# Livery Yard Neede!! Lathom / Bickerstaffe / Parbold / Burscough / Skelmersdale



## LPalmer85 (31 January 2013)

Livery needed, either DIY / Part or private yard for three horses, two in work and one semi retired pony, all well behaved geldings and no touble. Anyone know of anywhere around these areas with space, would be looking for somewhere with turn out all year round and a school.  The yard we are on now is being sold so need to look for pastures new


----------



## BlackRider (31 January 2013)

Have you thought about Charity Farm?


----------



## robysfarm (31 January 2013)

Have you had a look at the board in Southwest Lancs farmers? Usually a few on there.

There is a small farm on our lane called New Way Farm he has about 4 stables he rents out as a block and don't think anyone has them at the moment.
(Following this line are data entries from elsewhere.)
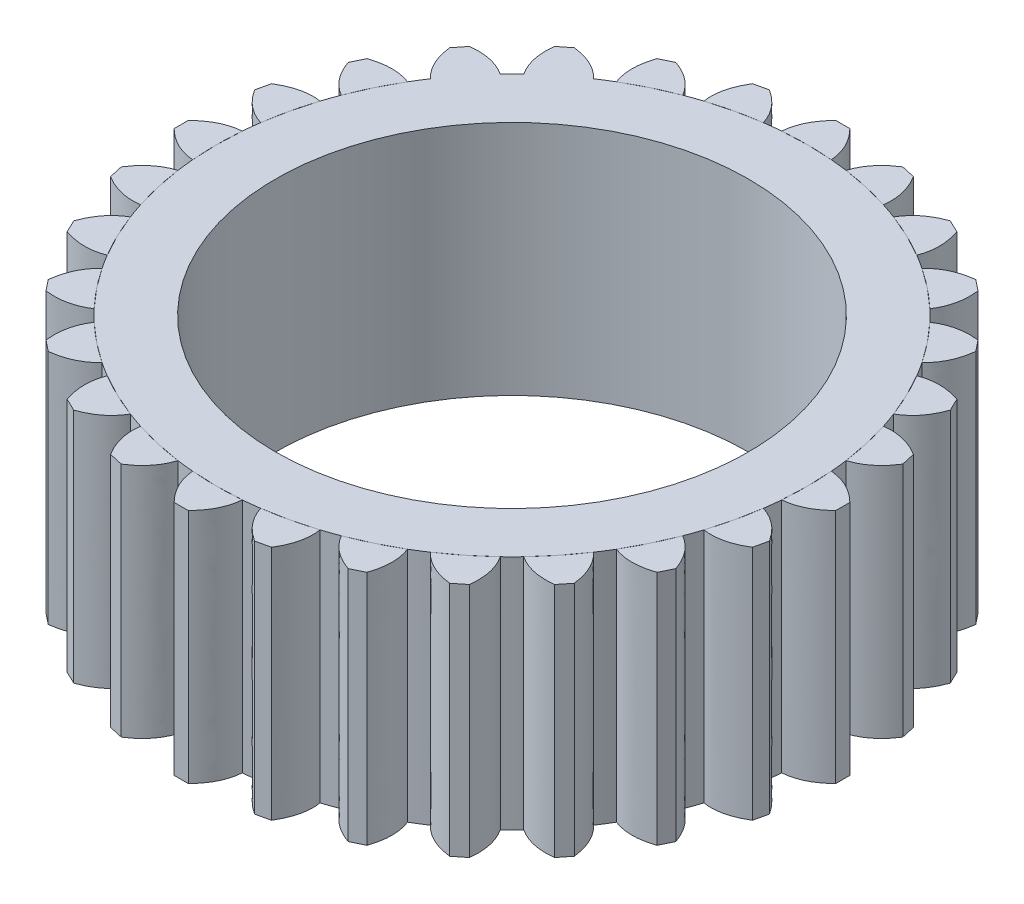
from build123d import *

# Parameters (mm, degrees)
BOSS_EXTRUDE1_DEPTH    = 1
BOSS_EXTRUDE1_2_DEPTH  = 1
BOSS_EXTRUDE1_3_DEPTH  = 1
BOSS_EXTRUDE1_4_DEPTH  = 1
BOSS_EXTRUDE1_5_DEPTH  = 1
BOSS_EXTRUDE1_6_DEPTH  = 1
BOSS_EXTRUDE1_7_DEPTH  = 1
BOSS_EXTRUDE1_8_DEPTH  = 1
BOSS_EXTRUDE1_9_DEPTH  = 1
BOSS_EXTRUDE1_10_DEPTH = 1
BOSS_EXTRUDE1_11_DEPTH = 1
BOSS_EXTRUDE1_12_DEPTH = 1
BOSS_EXTRUDE1_13_DEPTH = 1
BOSS_EXTRUDE1_14_DEPTH = 1
BOSS_EXTRUDE1_15_DEPTH = 1
BOSS_EXTRUDE1_16_DEPTH = 1
BOSS_EXTRUDE1_17_DEPTH = 1
BOSS_EXTRUDE1_18_DEPTH = 1
BOSS_EXTRUDE1_19_DEPTH = 1
BOSS_EXTRUDE1_20_DEPTH = 1
BOSS_EXTRUDE1_21_DEPTH = 1
BOSS_EXTRUDE1_22_DEPTH = 1
BOSS_EXTRUDE1_23_DEPTH = 1
BOSS_EXTRUDE1_24_DEPTH = 1
BOSS_EXTRUDE1_25_DEPTH = 1
BOSS_EXTRUDE1_26_DEPTH = 1
BOSS_EXTRUDE1_27_DEPTH = 1
SKETCH2_R              = 1
CUT_EXTRUDE1_DEPTH     = 1


with BuildPart() as part:
    # Sketch1 → Boss-Extrude1 (new body)
    with BuildSketch(Plane(origin=(0, 0, 0), x_dir=(1, 0, 0), z_dir=(0, 1, 0))):
        with BuildLine():
            Line((0.03, 1.398939794), (-0.03, 1.398939794))
            add(Edge.make_bspline(
                [(-0.03, 1.398939794), (-0.098532002, 1.329442722), (-0.105, 1.245582193)],
                knots=[0, 0, 0, 0.827520063, 0.827520063, 0.827520063], degree=2))
            ThreePointArc((-0.105, 1.245582193), (-0.052546449, 1.24889506), (0, 1.25))
            ThreePointArc((0, 1.25), (0.052546449, 1.24889506), (0.105, 1.245582193))
            add(Edge.make_bspline(
                [(0.03, 1.398939794), (0.098532002, 1.329442722), (0.105, 1.245582193)],
                knots=[0, 0, 0, 0.827520063, 0.827520063, 0.827520063], degree=2))
        make_face()
    extrude(amount=-BOSS_EXTRUDE1_DEPTH)


with BuildPart() as body_2:
    # Sketch1 → Boss-Extrude1 2 (new body)
    with BuildSketch(Plane(origin=(0, 0, 0), x_dir=(1, 0, 0), z_dir=(0, 1, 0))):
        with BuildLine():
            Line((-1.075030479, 0.89567964), (-1.112439867, 0.848769751))
            add(Edge.make_bspline(
                [(-1.112439867, 0.848769751), (-1.100833873, 0.751858558), (-1.039301802, 0.694515489)],
                knots=[0, 0, 0, 0.827520063, 0.827520063, 0.827520063], degree=2))
            ThreePointArc((-1.039301802, 0.694515489), (-1.058405249, 0.665040096), (-1.076672986, 0.63503959))
            Line((-1.076672986, 0.63503959), (-1.126211085, 0.542354674))
            Line((-1.126211085, 0.542354674), (-1.167788571, 0.445836128))
            ThreePointArc((-1.167788571, 0.445836128), (-1.179854163, 0.412848827), (-1.190988149, 0.379535544))
            Line((-1.190988149, 0.379535544), (-1.21865989, 0.278151167))
            Line((-1.21865989, 0.278151167), (-1.237717545, 0.174800682))
            ThreePointArc((-1.237717545, 0.174800682), (-1.242140262, 0.139955595), (-1.245582193, 0.105))
            Line((-1.245582193, 0.105), (-1.25, 0))
            Line((-1.25, 0), (-1.245582193, -0.105))
            ThreePointArc((-1.245582193, -0.105), (-1.242140262, -0.139955595), (-1.237717545, -0.174800682))
            Line((-1.237717545, -0.174800682), (-1.21865989, -0.278151167))
            Line((-1.21865989, -0.278151167), (-1.190988149, -0.379535544))
            ThreePointArc((-1.190988149, -0.379535544), (-1.179854163, -0.412848827), (-1.167788571, -0.445836128))
            Line((-1.167788571, -0.445836128), (-1.126211085, -0.542354674))
            Line((-1.126211085, -0.542354674), (-1.076672986, -0.63503959))
            ThreePointArc((-1.076672986, -0.63503959), (-1.058405249, -0.665040096), (-1.039301802, -0.694515489))
            Line((-1.039301802, -0.694515489), (-0.977289353, -0.779362252))
            Line((-0.977289353, -0.779362252), (-0.908368943, -0.8587001))
            ThreePointArc((-0.908368943, -0.8587001), (-0.883883476, -0.883883476), (-0.8587001, -0.908368943))
            Line((-0.8587001, -0.908368943), (-0.779362252, -0.977289353))
            Line((-0.779362252, -0.977289353), (-0.694515489, -1.039301802))
            ThreePointArc((-0.694515489, -1.039301802), (-0.665040096, -1.058405249), (-0.63503959, -1.076672986))
            Line((-0.63503959, -1.076672986), (-0.542354674, -1.126211085))
            Line((-0.542354674, -1.126211085), (-0.445836128, -1.167788571))
            ThreePointArc((-0.445836128, -1.167788571), (-0.412848827, -1.179854163), (-0.379535544, -1.190988149))
            Line((-0.379535544, -1.190988149), (-0.278151167, -1.21865989))
            Line((-0.278151167, -1.21865989), (-0.174800682, -1.237717545))
            ThreePointArc((-0.174800682, -1.237717545), (-0.139955595, -1.242140262), (-0.105, -1.245582193))
            Line((-0.105, -1.245582193), (0, -1.25))
            Line((0, -1.25), (0.105, -1.245582193))
            ThreePointArc((0.105, -1.245582193), (0.139955595, -1.242140262), (0.174800682, -1.237717545))
            Line((0.174800682, -1.237717545), (0.278151167, -1.21865989))
            Line((0.278151167, -1.21865989), (0.379535544, -1.190988149))
            ThreePointArc((0.379535544, -1.190988149), (0.412848827, -1.179854163), (0.445836128, -1.167788571))
            Line((0.445836128, -1.167788571), (0.542354674, -1.126211085))
            Line((0.542354674, -1.126211085), (0.63503959, -1.076672986))
            ThreePointArc((0.63503959, -1.076672986), (0.665040096, -1.058405249), (0.694515489, -1.039301802))
            Line((0.694515489, -1.039301802), (0.779362252, -0.977289353))
            Line((0.779362252, -0.977289353), (0.8587001, -0.908368943))
            ThreePointArc((0.8587001, -0.908368943), (0.883883476, -0.883883476), (0.908368943, -0.8587001))
            Line((0.908368943, -0.8587001), (0.977289353, -0.779362252))
            Line((0.977289353, -0.779362252), (1.039301802, -0.694515489))
            ThreePointArc((1.039301802, -0.694515489), (1.058405249, -0.665040096), (1.076672986, -0.63503959))
            Line((1.076672986, -0.63503959), (1.126211085, -0.542354674))
            Line((1.126211085, -0.542354674), (1.167788571, -0.445836128))
            ThreePointArc((1.167788571, -0.445836128), (1.179854163, -0.412848827), (1.190988149, -0.379535544))
            Line((1.190988149, -0.379535544), (1.21865989, -0.278151167))
            Line((1.21865989, -0.278151167), (1.237717545, -0.174800682))
            ThreePointArc((1.237717545, -0.174800682), (1.242140262, -0.139955595), (1.245582193, -0.105))
            Line((1.245582193, -0.105), (1.25, 0))
            Line((1.25, 0), (1.245582193, 0.105))
            ThreePointArc((1.245582193, 0.105), (1.242140262, 0.139955595), (1.237717545, 0.174800682))
            Line((1.237717545, 0.174800682), (1.21865989, 0.278151167))
            Line((1.21865989, 0.278151167), (1.190988149, 0.379535544))
            ThreePointArc((1.190988149, 0.379535544), (1.179854163, 0.412848827), (1.167788571, 0.445836128))
            Line((1.167788571, 0.445836128), (1.126211085, 0.542354674))
            Line((1.126211085, 0.542354674), (1.076672986, 0.63503959))
            ThreePointArc((1.076672986, 0.63503959), (1.058405249, 0.665040096), (1.039301802, 0.694515489))
            Line((1.039301802, 0.694515489), (0.977289353, 0.779362252))
            Line((0.977289353, 0.779362252), (0.908368943, 0.8587001))
            ThreePointArc((0.908368943, 0.8587001), (0.883883476, 0.883883476), (0.8587001, 0.908368943))
            Line((0.8587001, 0.908368943), (0.779362252, 0.977289353))
            Line((0.779362252, 0.977289353), (0.694515489, 1.039301802))
            ThreePointArc((0.694515489, 1.039301802), (0.665040096, 1.058405249), (0.63503959, 1.076672986))
            Line((0.63503959, 1.076672986), (0.542354674, 1.126211085))
            Line((0.542354674, 1.126211085), (0.445836128, 1.167788571))
            ThreePointArc((0.445836128, 1.167788571), (0.412848827, 1.179854163), (0.379535544, 1.190988149))
            Line((0.379535544, 1.190988149), (0.278151167, 1.21865989))
            Line((0.278151167, 1.21865989), (0.174800682, 1.237717545))
            ThreePointArc((0.174800682, 1.237717545), (0.139955595, 1.242140262), (0.105, 1.245582193))
            Line((0.105, 1.245582193), (0, 1.25))
            Line((0, 1.25), (-0.105, 1.245582193))
            ThreePointArc((-0.105, 1.245582193), (-0.139955595, 1.242140262), (-0.174800682, 1.237717545))
            Line((-0.174800682, 1.237717545), (-0.278151167, 1.21865989))
            Line((-0.278151167, 1.21865989), (-0.379535544, 1.190988149))
            ThreePointArc((-0.379535544, 1.190988149), (-0.412848827, 1.179854163), (-0.445836128, 1.167788571))
            Line((-0.445836128, 1.167788571), (-0.542354674, 1.126211085))
            Line((-0.542354674, 1.126211085), (-0.63503959, 1.076672986))
            ThreePointArc((-0.63503959, 1.076672986), (-0.665040096, 1.058405249), (-0.694515489, 1.039301802))
            add(Edge.make_bspline(
                [(-0.848769751, 1.112439867), (-0.751858558, 1.100833873), (-0.694515489, 1.039301802)],
                knots=[0, 0, 0, 0.827520063, 0.827520063, 0.827520063], degree=2))
            Line((-0.848769751, 1.112439867), (-0.89567964, 1.075030479))
            add(Edge.make_bspline(
                [(-0.89567964, 1.075030479), (-0.905929401, 0.977966476), (-0.8587001, 0.908368943)],
                knots=[0, 0, 0, 0.827520063, 0.827520063, 0.827520063], degree=2))
            ThreePointArc((-0.8587001, 0.908368943), (-0.883883476, 0.883883476), (-0.908368943, 0.8587001))
            add(Edge.make_bspline(
                [(-1.075030479, 0.89567964), (-0.977966476, 0.905929401), (-0.908368943, 0.8587001)],
                knots=[0, 0, 0, 0.827520063, 0.827520063, 0.827520063], degree=2))
        make_face()
    extrude(amount=-BOSS_EXTRUDE1_2_DEPTH)

    # Sketch2 → Cut-Extrude1 (cut)
    with BuildSketch(Plane(origin=(0, 0, 0), x_dir=(1, 0, 0), z_dir=(0, 1, 0))):
        with Locations(Location((0, 0, 0), (0, 0, 270))):
            Circle(SKETCH2_R)
    extrude(amount=-CUT_EXTRUDE1_DEPTH, mode=Mode.SUBTRACT)


with BuildPart() as body_3:
    # Sketch1 → Boss-Extrude1 3 (new body)
    with BuildSketch(Plane(origin=(0, 0, 0), x_dir=(1, 0, 0), z_dir=(0, 1, 0))):
        with BuildLine():
            ThreePointArc((-0.278151167, 1.21865989), (-0.226676296, 1.229275338), (-0.174800682, 1.237717545))
            add(Edge.make_bspline(
                [(-0.282045552, 1.370541081), (-0.199767237, 1.318036251), (-0.174800682, 1.237717545)],
                knots=[0, 0, 0, 0.827520063, 0.827520063, 0.827520063], degree=2))
            Line((-0.282045552, 1.370541081), (-0.340541227, 1.357189825))
            add(Edge.make_bspline(
                [(-0.340541227, 1.357189825), (-0.391890436, 1.274185384), (-0.379535544, 1.190988149)],
                knots=[0, 0, 0, 0.827520063, 0.827520063, 0.827520063], degree=2))
            ThreePointArc((-0.379535544, 1.190988149), (-0.329134295, 1.205889969), (-0.278151167, 1.21865989))
        make_face()
    extrude(amount=-BOSS_EXTRUDE1_3_DEPTH)


with BuildPart() as body_4:
    # Sketch1 → Boss-Extrude1 4 (new body)
    with BuildSketch(Plane(origin=(0, 0, 0), x_dir=(1, 0, 0), z_dir=(0, 1, 0))):
        with BuildLine():
            add(Edge.make_bspline(
                [(0.282045552, 1.370541081), (0.199767237, 1.318036251), (0.174800682, 1.237717545)],
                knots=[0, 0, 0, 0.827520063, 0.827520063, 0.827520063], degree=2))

There is no paddock but we are just along the lane and rent out our indoor. I don't have a number sorry but its on New Way in Bickerstaffe.

We are in currently full unfortunately. We do have all year turnout, indoor, outdoor, large stables, good hacking etc. We do have a waiting list though if you wanted to come and have a look round? If you google Robys Farm Livery the website should come up (sorry on my phone and won't let me post the link!)

Good Luck with your search


----------